*** MATERIALS PROVIDED Section Begins ***
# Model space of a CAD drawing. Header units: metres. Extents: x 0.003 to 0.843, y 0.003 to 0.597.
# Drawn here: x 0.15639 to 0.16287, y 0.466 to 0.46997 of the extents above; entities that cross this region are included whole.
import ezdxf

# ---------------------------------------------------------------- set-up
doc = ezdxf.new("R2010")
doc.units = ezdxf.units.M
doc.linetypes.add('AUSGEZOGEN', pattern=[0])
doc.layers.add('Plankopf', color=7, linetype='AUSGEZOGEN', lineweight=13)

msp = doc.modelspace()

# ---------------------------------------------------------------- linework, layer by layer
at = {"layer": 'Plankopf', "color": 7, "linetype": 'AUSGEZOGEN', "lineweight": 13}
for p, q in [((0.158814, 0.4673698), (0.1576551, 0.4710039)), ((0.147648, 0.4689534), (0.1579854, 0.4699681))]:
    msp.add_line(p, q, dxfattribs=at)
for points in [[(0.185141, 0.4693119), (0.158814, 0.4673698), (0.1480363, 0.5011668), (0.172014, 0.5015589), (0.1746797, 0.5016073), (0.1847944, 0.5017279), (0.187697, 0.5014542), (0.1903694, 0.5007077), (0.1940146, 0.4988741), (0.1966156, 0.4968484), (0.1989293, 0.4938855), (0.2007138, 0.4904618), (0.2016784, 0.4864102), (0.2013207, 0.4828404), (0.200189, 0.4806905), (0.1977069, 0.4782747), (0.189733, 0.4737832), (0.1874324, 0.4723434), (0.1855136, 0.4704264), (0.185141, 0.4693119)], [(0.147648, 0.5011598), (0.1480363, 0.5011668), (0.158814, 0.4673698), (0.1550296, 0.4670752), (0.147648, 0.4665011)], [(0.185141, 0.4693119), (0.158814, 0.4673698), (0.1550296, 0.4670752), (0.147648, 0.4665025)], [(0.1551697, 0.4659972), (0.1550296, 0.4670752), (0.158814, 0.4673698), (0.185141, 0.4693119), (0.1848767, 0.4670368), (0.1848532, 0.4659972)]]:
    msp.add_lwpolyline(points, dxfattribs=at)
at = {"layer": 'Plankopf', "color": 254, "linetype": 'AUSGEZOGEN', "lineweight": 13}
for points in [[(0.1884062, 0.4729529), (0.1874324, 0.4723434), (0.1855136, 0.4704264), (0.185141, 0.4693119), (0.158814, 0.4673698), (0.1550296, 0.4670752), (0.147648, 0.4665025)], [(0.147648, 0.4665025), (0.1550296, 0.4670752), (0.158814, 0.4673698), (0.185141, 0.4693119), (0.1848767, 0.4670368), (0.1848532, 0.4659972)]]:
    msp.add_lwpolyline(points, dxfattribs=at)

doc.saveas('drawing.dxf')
*** MATERIALS PROVIDED Section Ends ***
### REQUIRED WORK
Filter the data above down to lines with the word "Plankopf", and copy them.

### OUTPUT FOR THIS EXERCISE
doc.layers.add('Plankopf', color=7, linetype='AUSGEZOGEN', lineweight=13)
at = {"layer": 'Plankopf', "color": 7, "linetype": 'AUSGEZOGEN', "lineweight": 13}
at = {"layer": 'Plankopf', "color": 254, "linetype": 'AUSGEZOGEN', "lineweight": 13}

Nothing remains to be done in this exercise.